Is he a bar, check, or t-pattern? And yes, that makes him a male. You'll get half blue babies and half ash-red babies in either sex.


----------



## blongboy (Nov 10, 2009)

MaryOfExeter said:


> Is he a bar, check, or t-pattern? And yes, that makes him a male. You'll get half blue babies and half ash-red babies in either sex.


he is all gray ..i got him from a flyer in concover


----------



## MaryOfExeter (Sep 30, 2007)

Then I'm assuming he is lavender (spread ash-red).

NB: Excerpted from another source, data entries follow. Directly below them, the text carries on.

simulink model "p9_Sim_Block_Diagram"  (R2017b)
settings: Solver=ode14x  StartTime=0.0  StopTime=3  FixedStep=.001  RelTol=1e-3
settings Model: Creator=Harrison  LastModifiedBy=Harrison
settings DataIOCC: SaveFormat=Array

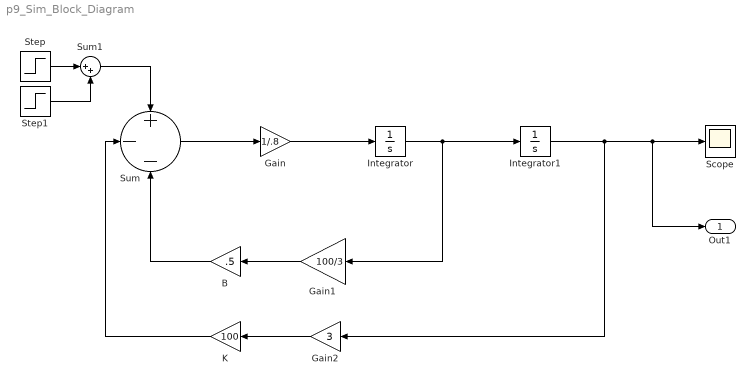
== system p9_Sim_Block_Diagram ==
  B : Gain  Gain=.5
  Gain : Gain  Gain=1/.8
  Gain1 : Gain  Gain=100/3
  Gain2 : Gain  Gain=3
  Integrator : Integrator
  Integrator1 : Integrator
  K : Gain  Gain=100
  Scope : Scope
  Step : Step  Time=0  After=10  SampleTime=0
  Step1 : Step  Time=.1  After=-10  SampleTime=0
  Sum : Sum  Inputs=+--
  Sum1 : Sum  Inputs=|++
  Out1 : Outport
  wires:
  Step/1 -> Sum1/1
  Step1/1 -> Sum1/2
  Sum1/1 -> Sum/1
  Sum/1 -> Gain/1
  Gain/1 -> Integrator/1
  Integrator/1 -> Gain1/1, Integrator1/1
  Integrator1/1 -> Gain2/1, Out1/1, Scope/1
  Gain1/1 -> B/1
  B/1 -> Sum/3
  Gain2/1 -> K/1
  K/1 -> Sum/2
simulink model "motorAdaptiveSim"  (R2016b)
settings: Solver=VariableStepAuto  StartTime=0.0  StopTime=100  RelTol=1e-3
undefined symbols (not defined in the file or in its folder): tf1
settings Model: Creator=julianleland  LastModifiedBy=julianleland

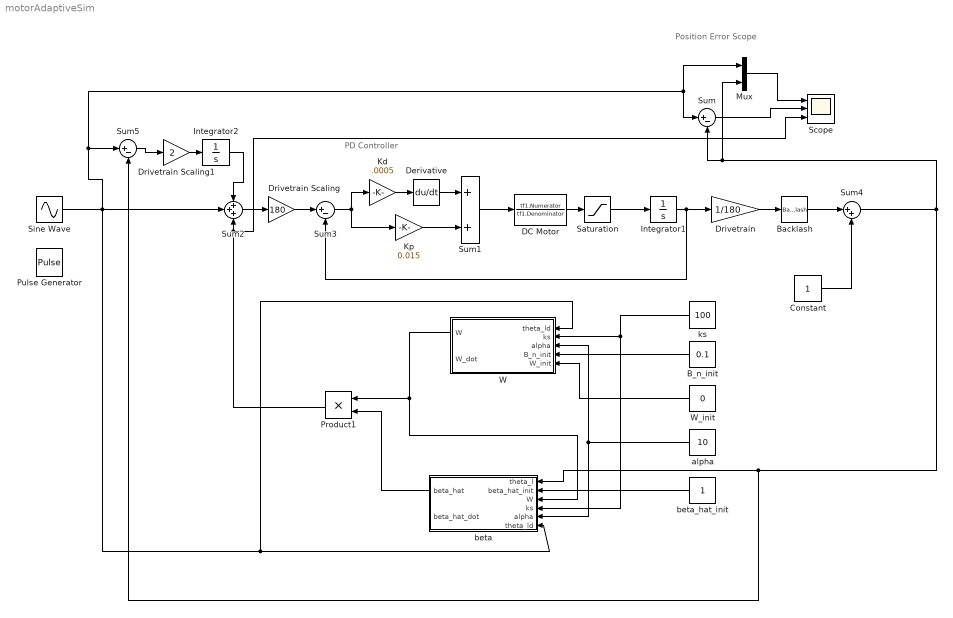
== system motorAdaptiveSim ==
  note: Position Error Scope
  note: PD Controller
  B_n_init : Constant  Value=0.1
  Backlash : Backlash  BacklashWidth=0.25
  Constant : Constant
  DC Motor : TransferFcn  Numerator=tf1.Numerator  Denominator=tf1.Denominator
  Derivative : Derivative
  Drivetrain : Gain  Gain=1/180
  Drivetrain Scaling : Gain  Gain=180
  Drivetrain Scaling1 : Gain  Gain=2
  Integrator1 : Integrator
  Integrator2 : Integrator  LimitOutput=on  UpperSaturationLimit=5  LowerSaturationLimit=-5
  Kd : Gain  Gain=.0005
  Kp : Gain  Gain=0.015
  Mux : Mux  Inputs=2
  Product1 : Product
  Pulse Generator : DiscretePulseGenerator  PulseType=Time based  Period=10  PulseWidth=50  PhaseDelay=0.5
  Saturation : Saturate  UpperLimit=460  LowerLimit=-460
  Scope : Scope  NumInputPorts=3
  Sine Wave : Sin  Amplitude=2  SampleTime=0
  Sum : Sum  Inputs=|+-
  Sum1 : Sum
  Sum2 : Sum  Inputs=+++
  Sum3 : Sum  Inputs=|+-
  Sum4 : Sum  Inputs=|++
  Sum5 : Sum  Inputs=|+-
  W : Subsystem
  W_init : Constant  Value=0
  alpha : Constant  Value=10
  beta : Subsystem
  beta_hat_init : Constant
  ks : Constant  Value=100
  wires:
  DC Motor/1 -> Saturation/1
  Integrator1/1 -> Sum3/2, Drivetrain/1
  Kp/1 -> Sum1/2
  Kd/1 -> Derivative/1
  Saturation/1 -> Integrator1/1
  Sum2/1 -> Drivetrain Scaling/1
  ks/1 -> beta/4(ks), W/2(ks)
  alpha/1 -> beta/5(alpha), W/3(alpha)
  B_n_init/1 -> W/4(B_n_init)
  W_init/1 -> W/5(W_init)
  W/1(W) -> beta/3(W), Product1/1
  beta_hat_init/1 -> beta/2(beta_hat_init)
  beta/1(beta_hat) -> Product1/2
  Drivetrain/1 -> Backlash/1
  Sum1/1 -> DC Motor/1
  Derivative/1 -> Sum1/1
  Sum3/1 -> Kd/1, Kp/1
  Drivetrain Scaling/1 -> Sum3/1
  Mux/1 -> Scope/1
  Sum/1 -> Scope/2
  Sum4/1 -> Mux/2, Sum/2, Sum5/2, beta/1(theta_l)
  Product1/1 -> Sum2/3, Scope/3
  Sine Wave/1 -> Sum2/2, Sum5/1, Mux/1, Sum/1, W/1(theta_ld), beta/6(theta_ld)
  Backlash/1 -> Sum4/1
  Constant/1 -> Sum4/2
  Sum5/1 -> Drivetrain Scaling1/1
  Drivetrain Scaling1/1 -> Integrator2/1
  Integrator2/1 -> Sum2/1

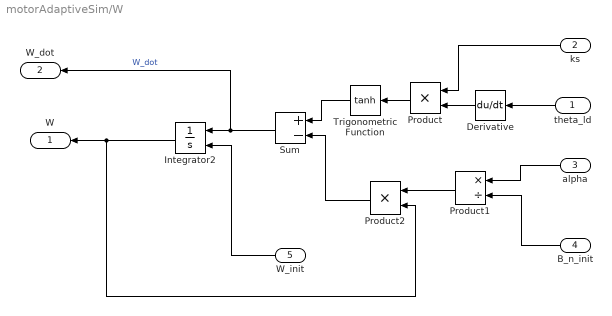
== system motorAdaptiveSim/W ==
  theta_ld : Inport
  ks : Inport  Port=2
  alpha : Inport  Port=3
  B_n_init : Inport  Port=4
  W_init : Inport  Port=5
  Derivative : Derivative
  Integrator2 : Integrator  InitialConditionSource=external
  Product : Product
  Product1 : Product  Inputs=*/
  Product2 : Product
  Sum : Sum  Inputs=+-
  Trigonometric Function : Trigonometry  Operator=tanh
  W : Outport
  W_dot : Outport  Port=2
  wires:
  Product2/1 -> Sum/2
  W_init/1 -> Integrator2/2
  Sum/1 -> Integrator2/1, W_dot/1  "W_dot"
  Trigonometric Function/1 -> Sum/1
  theta_ld/1 -> Derivative/1
  Product/1 -> Trigonometric Function/1
  Product1/1 -> Product2/1
  B_n_init/1 -> Product1/2
  alpha/1 -> Product1/1
  ks/1 -> Product/1
  Derivative/1 -> Product/2
  Integrator2/1 -> W/1, Product2/2

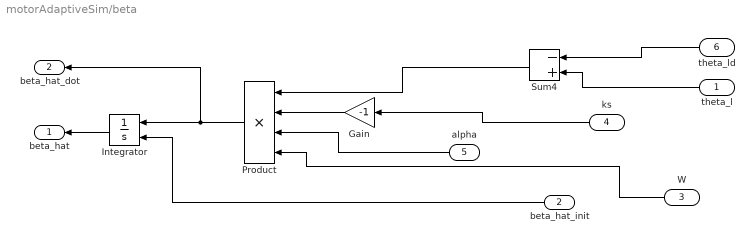
== system motorAdaptiveSim/beta ==
  theta_l : Inport
  beta_hat_init : Inport  Port=2
  W : Inport  Port=3
  ks : Inport  Port=4
  alpha : Inport  Port=5
  theta_ld : Inport  Port=6
  Gain : Gain  Gain=-1
  Integrator : Integrator  InitialConditionSource=external
  Product : Product  Inputs=****
  Sum4 : Sum  Inputs=-+
  beta_hat : Outport
  beta_hat_dot : Outport  Port=2
  wires:
  beta_hat_init/1 -> Integrator/2
  Integrator/1 -> beta_hat/1
  ks/1 -> Gain/1
  theta_ld/1 -> Sum4/1
  theta_l/1 -> Sum4/2
  alpha/1 -> Product/3
  W/1 -> Product/4
  Gain/1 -> Product/2
  Product/1 -> beta_hat_dot/1, Integrator/1
  Sum4/1 -> Product/1

In that case, you could get birds of any pattern because we don't know what is hiding under the spread. Some may be black, some may be lavender like him, and the others will be ash-reds and blues of some pattern.


----------



## maniac (Sep 27, 2009)

A question for you Mary of Ex. I am curious to know. If you have a mated pair of birds do they always throw the same color chicks at every hatch or is it much more complicated than that. The reason I ask is my blue bar.. splash hen pair gave me two splash chicks and then threw me two solid blacks on the subsequent mating or did my hen Jump the fence ?


----------



## MaryOfExeter (Sep 30, 2007)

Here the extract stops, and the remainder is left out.